• **Task description**: Read each of the lines below and tally those with "ezdxf"; the tally is the whole answer.
*** Supplied records
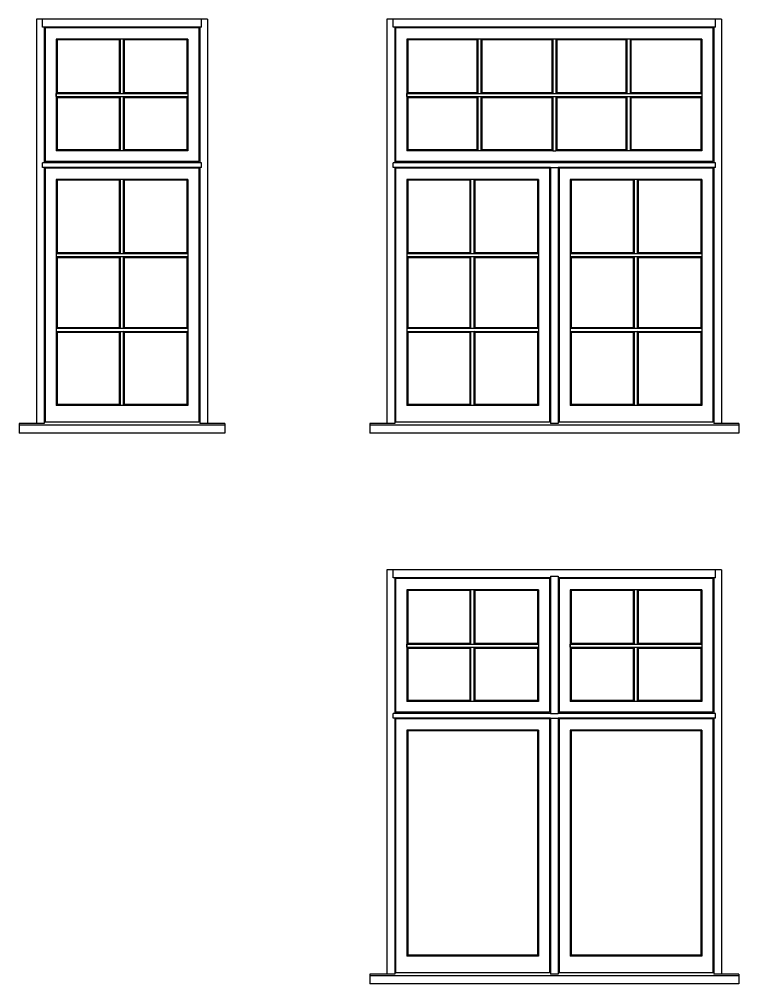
# Model space of a CAD drawing. Header units: inches. Extents: x 1985 to 11287, y 379 to 3234.
# Drawn here: x 9094.9 to 9221, y 1465.3 to 1634.4 of the extents above; entities that cross this region are included whole.
import ezdxf

# ---------------------------------------------------------------- set-up
doc = ezdxf.new("R2010")
doc.units = ezdxf.units.IN
doc.header["$MEASUREMENT"] = 0
doc.layers.add('elevation 99', color=7, linetype='CONTINUOUS')

msp = doc.modelspace()

# ---------------------------------------------------------------- linework, layer by layer
at = {"layer": 'elevation 99'}
for p, q in [((9097.929608, 1634.398516), (9097.929608, 1609.208911)), ((9127.92959, 1634.398516), (9097.929608, 1634.398516)), ((9098.992108, 1633.023515), (9098.992108, 1634.398516)), ((9126.86709, 1633.023515), (9126.86709, 1634.398516)), ((9127.92959, 1634.398516), (9127.92959, 1609.208911)), ((9159.357966, 1634.398516), (9159.357966, 1609.208911)), ((9189.357947, 1634.398516), (9159.357966, 1634.398516)), ((9160.420466, 1633.023515), (9160.420466, 1634.398516)), ((9217.982929, 1634.398516), (9187.982947, 1634.398516)), ((9216.920429, 1633.023515), (9216.920429, 1634.398516)), ((9217.982929, 1634.398516), (9217.982929, 1609.208911)), ((9126.86709, 1633.023515), (9098.992108, 1633.023515)), ((9099.304608, 1633.023515), (9099.304608, 1609.208911)), ((9099.448014, 1632.879829), (9099.448014, 1609.459378)), ((9126.410904, 1632.879829), (9099.448014, 1632.879829)), ((9126.410904, 1632.879829), (9126.410904, 1609.459378)), ((9126.55459, 1633.023515), (9126.55459, 1609.208911)), ((9216.920429, 1633.023515), (9160.420466, 1633.023515)), ((9160.732966, 1633.023515), (9160.732966, 1609.208911)), ((9160.876372, 1632.879829), (9160.876372, 1609.459378)), ((9216.464243, 1632.879829), (9160.876372, 1632.879829)), ((9216.464243, 1632.879829), (9216.464243, 1609.459378)), ((9216.607929, 1633.023515), (9216.607929, 1609.208911)), ((9101.393894, 1630.934229), (9101.393894, 1611.34232)), ((9124.465304, 1630.934229), (9101.393894, 1630.934229)), ((9101.554608, 1630.773515), (9101.554608, 1621.575775)), ((9112.487067, 1630.773515), (9101.554608, 1630.773515)), ((9112.487067, 1630.773515), (9112.647781, 1630.934229)), ((9112.487067, 1621.575775), (9112.487067, 1630.773515)), ((9112.647781, 1621.415061), (9112.647781, 1630.934229)), ((9113.201353, 1630.934229), (9113.362067, 1630.773515)), ((9113.201353, 1621.415061), (9113.201353, 1630.934229)), ((9124.30459, 1630.773515), (9113.362067, 1630.773515)), ((9113.362067, 1621.575775), (9113.362067, 1630.773515)), ((9124.30459, 1630.773515), (9124.30459, 1621.575775)), ((9124.465304, 1630.934229), (9124.465304, 1611.34232)), ((9162.822251, 1630.934229), (9162.822251, 1611.34232)), ((9188.393662, 1630.934229), (9162.822251, 1630.934229)), ((9162.982966, 1630.773515), (9162.982966, 1621.575775)), ((9175.165424, 1630.773515), (9162.982966, 1630.773515)), ((9175.165424, 1630.773515), (9175.326139, 1630.934229)), ((9175.165424, 1621.575775), (9175.165424, 1630.773515)), ((9175.326139, 1621.415061), (9175.326139, 1630.934229)), ((9175.87971, 1630.934229), (9176.040424, 1630.773515)), ((9175.87971, 1621.415061), (9175.87971, 1630.934229)), ((9188.232947, 1630.773515), (9176.040424, 1630.773515)), ((9176.040424, 1621.575775), (9176.040424, 1630.773515)), ((9188.232947, 1630.773515), (9188.393662, 1630.934229)), ((9188.232947, 1630.773515), (9188.232947, 1621.575775)), ((9188.393662, 1630.934229), (9188.393662, 1621.415061)), ((9214.518643, 1630.934229), (9188.393662, 1630.934229)), ((9188.947233, 1630.934229), (9188.947233, 1621.415061)), ((9188.947233, 1630.934229), (9189.107947, 1630.773515)), ((9189.107947, 1630.773515), (9189.107947, 1621.575775)), ((9201.290406, 1630.773515), (9189.107947, 1630.773515)), ((9201.290406, 1630.773515), (9201.45112, 1630.934229)), ((9201.290406, 1621.575775), (9201.290406, 1630.773515)), ((9201.45112, 1621.415061), (9201.45112, 1630.934229)), ((9202.004692, 1630.934229), (9202.165406, 1630.773515)), ((9202.004692, 1621.415061), (9202.004692, 1630.934229)), ((9214.357929, 1630.773515), (9202.165406, 1630.773515)), ((9202.165406, 1621.575775), (9202.165406, 1630.773515)), ((9214.357929, 1630.773515), (9214.357929, 1621.575775)), ((9214.518643, 1630.934229), (9214.518643, 1611.34232)), ((9101.554608, 1621.575775), (9101.393894, 1621.415061)), ((9101.393894, 1621.415061), (9112.647781, 1621.415061)), ((9101.393894, 1620.861489), (9101.393894, 1621.415061)), ((9101.554608, 1621.575775), (9112.487067, 1621.575775)), ((9112.487067, 1621.575775), (9112.647781, 1621.415061)), ((9112.647781, 1621.415061), (9113.201353, 1621.415061)), ((9113.362067, 1621.575775), (9113.201353, 1621.415061)), ((9113.201353, 1621.415061), (9124.465304, 1621.415061)), ((9113.362067, 1621.575775), (9124.30459, 1621.575775)), ((9124.30459, 1621.575775), (9124.465304, 1621.415061)), ((9162.982966, 1621.575775), (9162.822251, 1621.415061)), ((9162.822251, 1621.415061), (9175.326139, 1621.415061)), ((9162.822251, 1620.861489), (9162.822251, 1621.415061)), ((9162.982966, 1621.575775), (9175.165424, 1621.575775)), ((9175.165424, 1621.575775), (9175.326139, 1621.415061)), ((9175.326139, 1621.415061), (9175.87971, 1621.415061)), ((9176.040424, 1621.575775), (9175.87971, 1621.415061)), ((9175.87971, 1621.415061), (9188.393662, 1621.415061)), ((9176.040424, 1621.575775), (9188.232947, 1621.575775)), ((9188.232947, 1621.575775), (9188.393662, 1621.415061)), ((9188.393662, 1621.415061), (9188.947233, 1621.415061)), ((9189.107947, 1621.575775), (9188.947233, 1621.415061)), ((9188.947233, 1621.415061), (9201.45112, 1621.415061)), ((9189.107947, 1621.575775), (9201.290406, 1621.575775)), ((9201.290406, 1621.575775), (9201.45112, 1621.415061)), ((9201.45112, 1621.415061), (9202.004692, 1621.415061)), ((9202.165406, 1621.575775), (9202.004692, 1621.415061)), ((9202.004692, 1621.415061), (9214.518643, 1621.415061)), ((9202.165406, 1621.575775), (9214.357929, 1621.575775)), ((9214.357929, 1621.575775), (9214.518643, 1621.415061)), ((9101.393894, 1620.861489), (9112.647781, 1620.861489)), ((9101.393894, 1620.861489), (9101.554608, 1620.700775)), ((9101.554608, 1620.700775), (9101.554608, 1611.503035)), ((9101.554608, 1620.700775), (9112.487067, 1620.700775)), ((9112.487067, 1620.700775), (9112.647781, 1620.861489)), ((9112.487067, 1611.503035), (9112.487067, 1620.700775)), ((9112.647781, 1611.34232), (9112.647781, 1620.861489)), ((9112.647781, 1620.861489), (9113.201353, 1620.861489)), ((9113.201353, 1611.34232), (9113.201353, 1620.861489)), ((9113.201353, 1620.861489), (9124.465304, 1620.861489)), ((9113.362067, 1620.700775), (9113.201353, 1620.861489)), ((9113.362067, 1611.503035), (9113.362067, 1620.700775)), ((9113.362067, 1620.700775), (9124.30459, 1620.700775)), ((9124.465304, 1620.861489), (9124.30459, 1620.700775)), ((9124.30459, 1620.700775), (9124.30459, 1611.503035)), ((9162.822251, 1620.861489), (9175.326139, 1620.861489)), ((9162.822251, 1620.861489), (9162.982966, 1620.700775)), ((9162.982966, 1620.700775), (9162.982966, 1611.503035)), ((9162.982966, 1620.700775), (9175.165424, 1620.700775)), ((9175.165424, 1620.700775), (9175.326139, 1620.861489)), ((9175.165424, 1611.503035), (9175.165424, 1620.700775)), ((9175.326139, 1611.34232), (9175.326139, 1620.861489)), ((9175.326139, 1620.861489), (9175.87971, 1620.861489)), ((9175.87971, 1611.34232), (9175.87971, 1620.861489)), ((9175.87971, 1620.861489), (9188.393662, 1620.861489)), ((9176.040424, 1620.700775), (9175.87971, 1620.861489)), ((9176.040424, 1611.503035), (9176.040424, 1620.700775)), ((9176.040424, 1620.700775), (9188.232947, 1620.700775)), ((9188.393662, 1620.861489), (9188.232947, 1620.700775)), ((9188.232947, 1620.700775), (9188.232947, 1611.503035)), ((9188.393662, 1620.861489), (9188.947233, 1620.861489)), ((9188.393662, 1620.861489), (9188.393662, 1611.34232)), ((9188.947233, 1620.861489), (9201.45112, 1620.861489)), ((9188.947233, 1620.861489), (9189.107947, 1620.700775)), ((9188.947233, 1620.861489), (9188.947233, 1611.34232)), ((9189.107947, 1620.700775), (9189.107947, 1611.503035)), ((9189.107947, 1620.700775), (9201.290406, 1620.700775)), ((9201.290406, 1620.700775), (9201.45112, 1620.861489)), ((9201.290406, 1611.503035), (9201.290406, 1620.700775)), ((9201.45112, 1611.34232), (9201.45112, 1620.861489)), ((9201.45112, 1620.861489), (9202.004692, 1620.861489)), ((9202.004692, 1611.34232), (9202.004692, 1620.861489)), ((9202.004692, 1620.861489), (9214.518643, 1620.861489)), ((9202.165406, 1620.700775), (9202.004692, 1620.861489)), ((9202.165406, 1611.503035), (9202.165406, 1620.700775)), ((9202.165406, 1620.700775), (9214.357929, 1620.700775)), ((9214.518643, 1620.861489), (9214.357929, 1620.700775)), ((9214.357929, 1620.700775), (9214.357929, 1611.503035)), ((9124.465304, 1611.34232), (9101.393894, 1611.34232)), ((9112.487067, 1611.503035), (9101.554608, 1611.503035)), ((9112.487067, 1611.503035), (9112.647781, 1611.34232)), ((9113.362067, 1611.503035), (9113.201353, 1611.34232)), ((9124.30459, 1611.503035), (9113.362067, 1611.503035)), ((9188.393662, 1611.34232), (9162.822251, 1611.34232)), ((9175.165424, 1611.503035), (9162.982966, 1611.503035)), ((9175.165424, 1611.503035), (9175.326139, 1611.34232)), ((9176.040424, 1611.503035), (9175.87971, 1611.34232)), ((9188.232947, 1611.503035), (9176.040424, 1611.503035)), ((9188.232947, 1611.503035), (9188.393662, 1611.34232)), ((9188.393662, 1611.34232), (9188.947233, 1611.34232)), ((9188.947233, 1611.34232), (9189.107947, 1611.503035)), ((9214.518643, 1611.34232), (9188.947233, 1611.34232)), ((9201.290406, 1611.503035), (9189.107947, 1611.503035)), ((9201.290406, 1611.503035), (9201.45112, 1611.34232)), ((9202.165406, 1611.503035), (9202.004692, 1611.34232)), ((9214.357929, 1611.503035), (9202.165406, 1611.503035)), ((9126.410904, 1609.459378), (9099.448014, 1609.459378)), ((9216.464243, 1609.459378), (9160.876372, 1609.459378)), ((9097.929608, 1609.208911), (9097.929608, 1563.552605)), ((9126.86709, 1609.208911), (9098.992108, 1609.208911)), ((9098.992108, 1608.42871), (9098.992108, 1609.208911)), ((9126.86709, 1608.42871), (9098.992108, 1608.42871)), ((9099.304608, 1608.42871), (9099.304608, 1563.552605)), ((9099.448014, 1608.285024), (9099.448014, 1563.803072)), ((9126.410904, 1608.285024), (9099.448014, 1608.285024)), ((9126.410904, 1608.285024), (9126.410904, 1563.803072)), ((9126.55459, 1608.42871), (9126.55459, 1563.552605)), ((9126.86709, 1608.42871), (9126.86709, 1609.208911)), ((9127.92959, 1609.208911), (9127.92959, 1563.552605)), ((9159.357966, 1609.208911), (9159.357966, 1563.552605)), ((9160.420466, 1608.42871), (9160.420466, 1609.208911)), ((9216.920429, 1609.208911), (9160.420466, 1609.208911)), ((9187.982947, 1608.42871), (9160.420466, 1608.42871)), ((9160.732966, 1608.42871), (9160.732966, 1563.552605)), ((9160.876372, 1608.285024), (9160.876372, 1563.803072)), ((9187.839262, 1608.285024), (9160.876372, 1608.285024)), ((9187.839262, 1608.285024), (9187.839262, 1563.803072)), ((9187.982947, 1608.42871), (9187.982947, 1563.552605)), ((9187.982947, 1608.42871), (9187.982947, 1563.552605)), ((9187.982947, 1608.42871), (9189.357947, 1608.42871)), ((9189.357947, 1608.42871), (9189.357947, 1563.552605)), ((9189.357947, 1608.42871), (9189.357947, 1563.552605)), ((9216.920429, 1608.42871), (9189.357947, 1608.42871)), ((9189.501354, 1608.285024), (9189.501354, 1563.803072)), ((9216.464243, 1608.285024), (9189.501354, 1608.285024)), ((9216.464243, 1608.285024), (9216.464243, 1563.803072)), ((9216.607929, 1608.42871), (9216.607929, 1563.552605)), ((9216.920429, 1608.42871), (9216.920429, 1609.208911)), ((9217.982929, 1609.208911), (9217.982929, 1563.552605)), ((9101.393894, 1606.339424), (9101.393894, 1566.686014)), ((9124.465304, 1606.339424), (9101.393894, 1606.339424)), ((9101.554608, 1606.17871), (9101.554608, 1593.510581)), ((9112.487067, 1606.17871), (9101.554608, 1606.17871)), ((9112.487067, 1606.17871), (9112.647781, 1606.339424)), ((9112.487067, 1593.510581), (9112.487067, 1606.17871)), ((9112.647781, 1593.349867), (9112.647781, 1606.339424)), ((9113.201353, 1606.339424), (9113.362067, 1606.17871)), ((9113.201353, 1593.349867), (9113.201353, 1606.339424)), ((9124.30459, 1606.17871), (9113.362067, 1606.17871)), ((9113.362067, 1593.510581), (9113.362067, 1606.17871)), ((9124.30459, 1606.17871), (9124.30459, 1593.510581)), ((9124.465304, 1606.339424), (9124.465304, 1566.686014)), ((9162.822251, 1606.339424), (9162.822251, 1566.686014)), ((9185.893662, 1606.339424), (9162.822251, 1606.339424)), ((9162.982966, 1606.17871), (9162.982966, 1593.510581)), ((9173.915424, 1606.17871), (9162.982966, 1606.17871)), ((9173.915424, 1606.17871), (9174.076139, 1606.339424)), ((9173.915424, 1593.510581), (9173.915424, 1606.17871)), ((9174.076139, 1593.349867), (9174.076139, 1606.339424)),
******
• **Answer to this task**: 3